The problem is not the use of time.Now and time.Since, nor the particular kind of clock. (Btw @gmarek, time.Since reads better than time.Now().Subtract.)
The problem is that the timer is only started once the server has read the request off the network. Any delay before the request is read (for example, if the request arrives during a GC pause) is therefore not accounted for. The GC pauses that prevent the program from reading from the network and are therefore unaccounted for are larger in Go 1.4 than in Go 1.5. This means that Go 1.5+ is probably giving a more accurate accounting of RPC latency than Go 1.4 did. At least part of the observed latency increase is due to this better accounting.
I fully understand what you're saying @rsc, just pointing out another issue to keep in mind when one wants to accurately measure things.
For measuring the amount of time spent in kernel buffers, this was actually an issue in Google's internal RPC stack that was fixed back around 2009 or so, I forget if it was by using SIOCGSTAMP
or SO_TIMESTAMP
(although ISTR that by default only UDP was supported and we had to change the kernel to also support this on TCP streams).
CL https://golang.org/cl/21503 mentions this issue.
Kubernetes is on Go 1.6 as of April 5 (see kubernetes/kubernetes#20656).
Yeah - with 1.6 we didn't see any issues.
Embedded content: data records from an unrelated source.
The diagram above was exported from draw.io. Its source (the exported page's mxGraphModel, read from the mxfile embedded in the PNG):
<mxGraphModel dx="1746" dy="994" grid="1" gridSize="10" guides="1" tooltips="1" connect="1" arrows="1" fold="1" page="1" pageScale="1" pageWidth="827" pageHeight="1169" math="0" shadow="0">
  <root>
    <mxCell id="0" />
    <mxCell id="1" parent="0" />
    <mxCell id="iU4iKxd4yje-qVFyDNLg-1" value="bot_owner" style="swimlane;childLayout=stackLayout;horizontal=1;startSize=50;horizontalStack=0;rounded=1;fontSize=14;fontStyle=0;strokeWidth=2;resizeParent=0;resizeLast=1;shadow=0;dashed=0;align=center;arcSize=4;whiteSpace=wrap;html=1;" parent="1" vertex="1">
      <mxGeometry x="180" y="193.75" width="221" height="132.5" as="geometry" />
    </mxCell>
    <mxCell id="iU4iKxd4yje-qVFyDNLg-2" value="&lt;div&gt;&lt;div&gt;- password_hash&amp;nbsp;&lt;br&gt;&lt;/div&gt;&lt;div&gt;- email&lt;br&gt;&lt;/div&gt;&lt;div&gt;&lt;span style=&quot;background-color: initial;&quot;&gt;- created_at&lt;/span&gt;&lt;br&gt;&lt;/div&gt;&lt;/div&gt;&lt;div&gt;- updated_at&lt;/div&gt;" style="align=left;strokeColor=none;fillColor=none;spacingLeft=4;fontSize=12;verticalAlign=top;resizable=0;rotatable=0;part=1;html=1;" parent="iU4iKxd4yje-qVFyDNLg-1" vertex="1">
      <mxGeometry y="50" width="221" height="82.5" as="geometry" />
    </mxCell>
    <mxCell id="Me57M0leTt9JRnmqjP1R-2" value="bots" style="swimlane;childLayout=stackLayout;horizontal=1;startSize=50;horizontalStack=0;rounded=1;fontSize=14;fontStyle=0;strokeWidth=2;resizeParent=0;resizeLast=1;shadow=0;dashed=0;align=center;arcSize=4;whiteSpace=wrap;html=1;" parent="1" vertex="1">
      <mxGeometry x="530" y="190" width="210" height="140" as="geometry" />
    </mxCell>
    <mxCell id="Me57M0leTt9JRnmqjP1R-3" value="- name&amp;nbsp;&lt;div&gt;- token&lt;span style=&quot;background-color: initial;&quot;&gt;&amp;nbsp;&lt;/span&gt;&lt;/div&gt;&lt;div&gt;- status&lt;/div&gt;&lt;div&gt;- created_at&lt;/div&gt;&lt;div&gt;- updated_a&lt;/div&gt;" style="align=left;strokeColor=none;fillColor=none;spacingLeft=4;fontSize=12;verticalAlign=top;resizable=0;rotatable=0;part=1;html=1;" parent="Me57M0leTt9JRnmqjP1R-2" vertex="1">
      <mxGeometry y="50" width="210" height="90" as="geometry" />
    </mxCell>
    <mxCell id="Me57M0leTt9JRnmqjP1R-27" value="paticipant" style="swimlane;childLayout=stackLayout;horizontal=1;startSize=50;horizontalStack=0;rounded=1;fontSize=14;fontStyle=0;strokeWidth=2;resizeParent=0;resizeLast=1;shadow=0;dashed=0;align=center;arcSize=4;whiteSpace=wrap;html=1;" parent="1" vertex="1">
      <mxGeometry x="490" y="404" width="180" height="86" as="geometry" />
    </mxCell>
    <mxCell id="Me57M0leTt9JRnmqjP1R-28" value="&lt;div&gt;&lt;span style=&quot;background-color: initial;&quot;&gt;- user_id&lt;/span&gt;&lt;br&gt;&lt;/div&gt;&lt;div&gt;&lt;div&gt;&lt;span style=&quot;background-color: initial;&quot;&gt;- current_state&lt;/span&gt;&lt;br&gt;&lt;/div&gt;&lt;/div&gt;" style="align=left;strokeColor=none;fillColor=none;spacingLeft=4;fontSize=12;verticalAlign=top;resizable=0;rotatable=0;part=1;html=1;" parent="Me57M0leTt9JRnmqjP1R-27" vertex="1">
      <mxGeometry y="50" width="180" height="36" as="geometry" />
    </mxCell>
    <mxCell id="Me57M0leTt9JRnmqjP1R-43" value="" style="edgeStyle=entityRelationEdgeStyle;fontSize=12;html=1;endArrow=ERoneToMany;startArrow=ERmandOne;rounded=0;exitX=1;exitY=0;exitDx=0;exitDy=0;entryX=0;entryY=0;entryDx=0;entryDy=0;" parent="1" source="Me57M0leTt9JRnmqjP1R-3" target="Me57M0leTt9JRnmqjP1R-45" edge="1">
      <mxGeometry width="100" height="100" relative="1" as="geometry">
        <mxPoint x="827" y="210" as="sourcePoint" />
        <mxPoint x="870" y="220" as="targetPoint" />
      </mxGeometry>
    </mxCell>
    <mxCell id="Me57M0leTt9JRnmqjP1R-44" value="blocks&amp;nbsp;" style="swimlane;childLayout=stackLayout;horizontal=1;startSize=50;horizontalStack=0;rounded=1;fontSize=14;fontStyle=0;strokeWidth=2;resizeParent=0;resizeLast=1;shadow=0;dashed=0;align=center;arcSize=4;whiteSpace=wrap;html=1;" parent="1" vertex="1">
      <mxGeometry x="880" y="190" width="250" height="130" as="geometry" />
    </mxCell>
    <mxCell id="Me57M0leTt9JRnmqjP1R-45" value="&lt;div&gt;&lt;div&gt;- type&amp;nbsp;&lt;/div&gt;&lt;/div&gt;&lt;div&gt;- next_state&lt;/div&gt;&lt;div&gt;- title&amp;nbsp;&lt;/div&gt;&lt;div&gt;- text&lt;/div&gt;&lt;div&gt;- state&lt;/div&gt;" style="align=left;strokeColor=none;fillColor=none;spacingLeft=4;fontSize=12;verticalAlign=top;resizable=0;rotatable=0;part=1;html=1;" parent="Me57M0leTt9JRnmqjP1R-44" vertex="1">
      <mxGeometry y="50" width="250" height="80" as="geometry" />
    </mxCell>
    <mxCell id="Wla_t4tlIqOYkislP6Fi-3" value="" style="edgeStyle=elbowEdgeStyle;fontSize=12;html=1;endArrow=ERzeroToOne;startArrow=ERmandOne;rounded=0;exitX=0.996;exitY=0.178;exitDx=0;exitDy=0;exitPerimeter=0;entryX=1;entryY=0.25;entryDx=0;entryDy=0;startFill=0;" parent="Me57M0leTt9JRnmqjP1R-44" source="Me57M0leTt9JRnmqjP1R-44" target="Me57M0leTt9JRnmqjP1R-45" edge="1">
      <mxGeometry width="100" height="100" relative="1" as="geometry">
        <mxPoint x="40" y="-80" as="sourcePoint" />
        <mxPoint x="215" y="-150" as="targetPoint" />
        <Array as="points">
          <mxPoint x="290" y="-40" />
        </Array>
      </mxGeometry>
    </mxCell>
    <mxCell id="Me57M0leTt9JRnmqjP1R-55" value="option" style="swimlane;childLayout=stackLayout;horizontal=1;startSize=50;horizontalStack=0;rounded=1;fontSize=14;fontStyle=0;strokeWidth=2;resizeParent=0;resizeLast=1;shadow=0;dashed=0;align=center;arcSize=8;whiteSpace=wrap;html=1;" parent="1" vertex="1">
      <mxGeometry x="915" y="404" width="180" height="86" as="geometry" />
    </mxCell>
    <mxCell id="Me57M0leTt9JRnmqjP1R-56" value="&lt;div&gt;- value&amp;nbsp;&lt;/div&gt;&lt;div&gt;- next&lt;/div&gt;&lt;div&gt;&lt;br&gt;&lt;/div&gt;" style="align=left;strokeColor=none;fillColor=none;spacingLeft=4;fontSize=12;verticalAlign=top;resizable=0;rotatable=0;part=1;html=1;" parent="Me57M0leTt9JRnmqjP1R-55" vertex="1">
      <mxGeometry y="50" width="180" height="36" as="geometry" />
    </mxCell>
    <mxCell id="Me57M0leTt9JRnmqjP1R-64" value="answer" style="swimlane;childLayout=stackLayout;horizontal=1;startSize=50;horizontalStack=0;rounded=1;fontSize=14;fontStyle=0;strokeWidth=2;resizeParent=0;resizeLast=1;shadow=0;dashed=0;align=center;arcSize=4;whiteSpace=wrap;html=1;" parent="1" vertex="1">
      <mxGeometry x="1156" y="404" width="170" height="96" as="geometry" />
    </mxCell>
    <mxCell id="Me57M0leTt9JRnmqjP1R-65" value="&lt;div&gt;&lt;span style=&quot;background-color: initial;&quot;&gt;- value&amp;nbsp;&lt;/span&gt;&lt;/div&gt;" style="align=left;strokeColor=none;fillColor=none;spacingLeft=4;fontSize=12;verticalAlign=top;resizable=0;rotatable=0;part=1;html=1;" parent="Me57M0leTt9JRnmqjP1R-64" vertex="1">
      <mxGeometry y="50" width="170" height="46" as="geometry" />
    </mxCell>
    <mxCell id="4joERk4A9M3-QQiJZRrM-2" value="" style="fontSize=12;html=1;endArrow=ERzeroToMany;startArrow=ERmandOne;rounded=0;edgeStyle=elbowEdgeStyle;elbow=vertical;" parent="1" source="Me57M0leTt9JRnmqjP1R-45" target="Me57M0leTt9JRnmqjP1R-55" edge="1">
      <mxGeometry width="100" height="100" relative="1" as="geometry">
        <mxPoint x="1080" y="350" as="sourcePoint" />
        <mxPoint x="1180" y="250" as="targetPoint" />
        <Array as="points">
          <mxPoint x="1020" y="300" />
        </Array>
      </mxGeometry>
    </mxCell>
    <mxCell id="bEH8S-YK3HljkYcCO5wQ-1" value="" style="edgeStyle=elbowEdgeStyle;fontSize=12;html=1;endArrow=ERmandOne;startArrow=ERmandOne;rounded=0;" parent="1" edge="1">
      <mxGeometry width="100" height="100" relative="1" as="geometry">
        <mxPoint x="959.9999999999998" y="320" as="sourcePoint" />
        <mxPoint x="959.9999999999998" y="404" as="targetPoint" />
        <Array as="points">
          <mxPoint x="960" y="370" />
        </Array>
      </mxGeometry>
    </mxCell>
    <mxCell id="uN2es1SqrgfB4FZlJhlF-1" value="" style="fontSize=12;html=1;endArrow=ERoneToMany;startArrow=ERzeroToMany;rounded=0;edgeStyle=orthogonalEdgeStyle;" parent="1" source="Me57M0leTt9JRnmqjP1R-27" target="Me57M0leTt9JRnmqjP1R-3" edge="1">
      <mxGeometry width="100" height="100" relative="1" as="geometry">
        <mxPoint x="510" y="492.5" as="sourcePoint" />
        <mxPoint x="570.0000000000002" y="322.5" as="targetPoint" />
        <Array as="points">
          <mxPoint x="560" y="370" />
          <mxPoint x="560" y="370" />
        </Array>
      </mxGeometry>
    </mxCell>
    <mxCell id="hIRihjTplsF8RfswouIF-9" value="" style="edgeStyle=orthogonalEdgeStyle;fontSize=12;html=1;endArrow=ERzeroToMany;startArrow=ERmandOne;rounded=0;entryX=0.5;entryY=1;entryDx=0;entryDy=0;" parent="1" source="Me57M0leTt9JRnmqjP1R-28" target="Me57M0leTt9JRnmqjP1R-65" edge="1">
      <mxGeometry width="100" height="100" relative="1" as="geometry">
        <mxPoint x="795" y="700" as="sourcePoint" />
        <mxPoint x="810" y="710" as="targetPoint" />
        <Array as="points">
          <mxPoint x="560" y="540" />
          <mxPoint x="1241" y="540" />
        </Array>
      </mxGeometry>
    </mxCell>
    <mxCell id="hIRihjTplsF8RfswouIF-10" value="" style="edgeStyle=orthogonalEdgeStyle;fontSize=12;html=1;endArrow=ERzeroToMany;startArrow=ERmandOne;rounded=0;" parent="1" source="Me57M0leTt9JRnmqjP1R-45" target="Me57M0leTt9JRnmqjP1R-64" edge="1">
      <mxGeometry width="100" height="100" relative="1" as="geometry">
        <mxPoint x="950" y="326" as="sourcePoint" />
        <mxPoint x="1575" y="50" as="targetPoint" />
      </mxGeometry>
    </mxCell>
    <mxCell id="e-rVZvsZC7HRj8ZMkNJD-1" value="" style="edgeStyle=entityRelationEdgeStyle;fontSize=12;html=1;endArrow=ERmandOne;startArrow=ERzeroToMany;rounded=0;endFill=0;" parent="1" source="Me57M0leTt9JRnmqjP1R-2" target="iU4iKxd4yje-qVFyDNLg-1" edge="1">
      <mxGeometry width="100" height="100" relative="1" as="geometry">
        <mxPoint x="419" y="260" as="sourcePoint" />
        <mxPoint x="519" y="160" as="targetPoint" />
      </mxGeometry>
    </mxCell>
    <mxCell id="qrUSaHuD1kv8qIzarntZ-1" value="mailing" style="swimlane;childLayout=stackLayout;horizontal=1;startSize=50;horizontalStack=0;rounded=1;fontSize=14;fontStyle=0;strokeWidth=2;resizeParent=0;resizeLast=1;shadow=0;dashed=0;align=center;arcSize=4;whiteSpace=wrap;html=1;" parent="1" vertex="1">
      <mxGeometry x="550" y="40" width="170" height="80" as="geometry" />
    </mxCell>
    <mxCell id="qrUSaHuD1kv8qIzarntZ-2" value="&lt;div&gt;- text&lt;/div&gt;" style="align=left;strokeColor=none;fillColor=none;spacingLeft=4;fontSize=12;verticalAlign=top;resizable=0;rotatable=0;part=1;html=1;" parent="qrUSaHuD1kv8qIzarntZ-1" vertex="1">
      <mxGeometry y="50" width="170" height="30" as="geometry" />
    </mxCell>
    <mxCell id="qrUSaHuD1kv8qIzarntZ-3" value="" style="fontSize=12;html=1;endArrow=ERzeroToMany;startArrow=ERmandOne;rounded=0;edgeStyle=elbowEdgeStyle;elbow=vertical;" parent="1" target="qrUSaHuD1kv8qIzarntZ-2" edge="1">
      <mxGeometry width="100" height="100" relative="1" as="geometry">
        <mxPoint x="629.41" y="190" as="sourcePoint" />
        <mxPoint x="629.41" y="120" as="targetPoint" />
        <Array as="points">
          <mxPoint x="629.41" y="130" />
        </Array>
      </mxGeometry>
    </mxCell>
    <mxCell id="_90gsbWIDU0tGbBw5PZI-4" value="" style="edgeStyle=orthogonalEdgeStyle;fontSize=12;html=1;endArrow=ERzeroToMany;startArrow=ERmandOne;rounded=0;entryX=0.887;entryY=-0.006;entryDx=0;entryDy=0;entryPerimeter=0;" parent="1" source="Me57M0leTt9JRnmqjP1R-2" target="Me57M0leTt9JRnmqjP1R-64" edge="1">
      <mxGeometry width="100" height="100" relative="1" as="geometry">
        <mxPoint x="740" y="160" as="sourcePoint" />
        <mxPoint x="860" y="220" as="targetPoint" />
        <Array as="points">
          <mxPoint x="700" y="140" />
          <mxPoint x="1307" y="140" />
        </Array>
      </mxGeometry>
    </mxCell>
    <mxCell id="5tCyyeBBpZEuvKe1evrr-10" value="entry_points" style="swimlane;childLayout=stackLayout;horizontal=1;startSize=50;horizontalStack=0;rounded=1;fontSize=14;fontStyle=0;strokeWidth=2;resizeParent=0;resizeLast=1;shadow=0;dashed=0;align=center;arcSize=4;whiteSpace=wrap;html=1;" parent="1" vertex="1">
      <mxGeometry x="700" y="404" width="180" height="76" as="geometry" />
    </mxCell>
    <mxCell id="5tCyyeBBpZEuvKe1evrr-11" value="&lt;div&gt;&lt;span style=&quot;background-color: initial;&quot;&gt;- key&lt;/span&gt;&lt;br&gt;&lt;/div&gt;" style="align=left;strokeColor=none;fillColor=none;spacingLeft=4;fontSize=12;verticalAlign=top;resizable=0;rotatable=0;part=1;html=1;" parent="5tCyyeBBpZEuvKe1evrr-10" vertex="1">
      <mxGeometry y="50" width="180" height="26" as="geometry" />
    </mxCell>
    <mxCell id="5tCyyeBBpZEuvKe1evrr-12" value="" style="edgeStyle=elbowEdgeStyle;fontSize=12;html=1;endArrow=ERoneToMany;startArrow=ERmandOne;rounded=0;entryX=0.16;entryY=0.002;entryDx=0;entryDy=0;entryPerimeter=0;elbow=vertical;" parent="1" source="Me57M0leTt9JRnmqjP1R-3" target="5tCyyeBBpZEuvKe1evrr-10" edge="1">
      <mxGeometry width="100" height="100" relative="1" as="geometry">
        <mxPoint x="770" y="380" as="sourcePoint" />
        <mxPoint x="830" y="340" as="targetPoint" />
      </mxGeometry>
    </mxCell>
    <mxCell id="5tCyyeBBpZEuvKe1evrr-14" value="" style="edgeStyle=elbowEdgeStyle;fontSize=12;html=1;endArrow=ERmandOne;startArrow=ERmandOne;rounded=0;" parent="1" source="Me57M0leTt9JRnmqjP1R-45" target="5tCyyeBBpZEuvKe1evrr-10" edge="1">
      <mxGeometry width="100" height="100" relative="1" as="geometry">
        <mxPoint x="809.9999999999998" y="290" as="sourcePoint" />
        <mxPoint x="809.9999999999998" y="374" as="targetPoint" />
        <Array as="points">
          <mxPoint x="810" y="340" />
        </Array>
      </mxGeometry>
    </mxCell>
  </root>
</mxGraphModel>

Thanks a lot for help!
The Kubernetes team found that updating from Go 1.4.2 to Go 1.4.3 caused a performance regression for them, and also that Go 1.5.3 was bad as well.
The 1.4.3 bug is kubernetes/kubernetes#17524, "fixed" by reverting to Go 1.4.2. The error report at the top of the bug is difficult for me to interpret: to me it says mainly that 1 != 0 and 3 != 0. A comment on the next bug says “... but we can't do what InfluxDB did, because we have some pretty massive issues on 1.4.3. 1.4.2 was the last even vaguely happy point.” Right now, I don't have any way to quantify the 1.4.2 to 1.4.3 problem other than that remark. (The InfluxDB note is referring to #14189, but we don't know that they are necessarily related.)
The 1.5.3 bug is kubernetes/kubernetes#20400, "fixed" by reverting to Go 1.4.2 again. That bug has clearer data: on a particular load test, tail latencies are significantly higher in 1.5.3.
The Kubernetes team created kubernetes/kubernetes#20656 to track further investigation of these regressions. This is the corresponding issue on the Go side.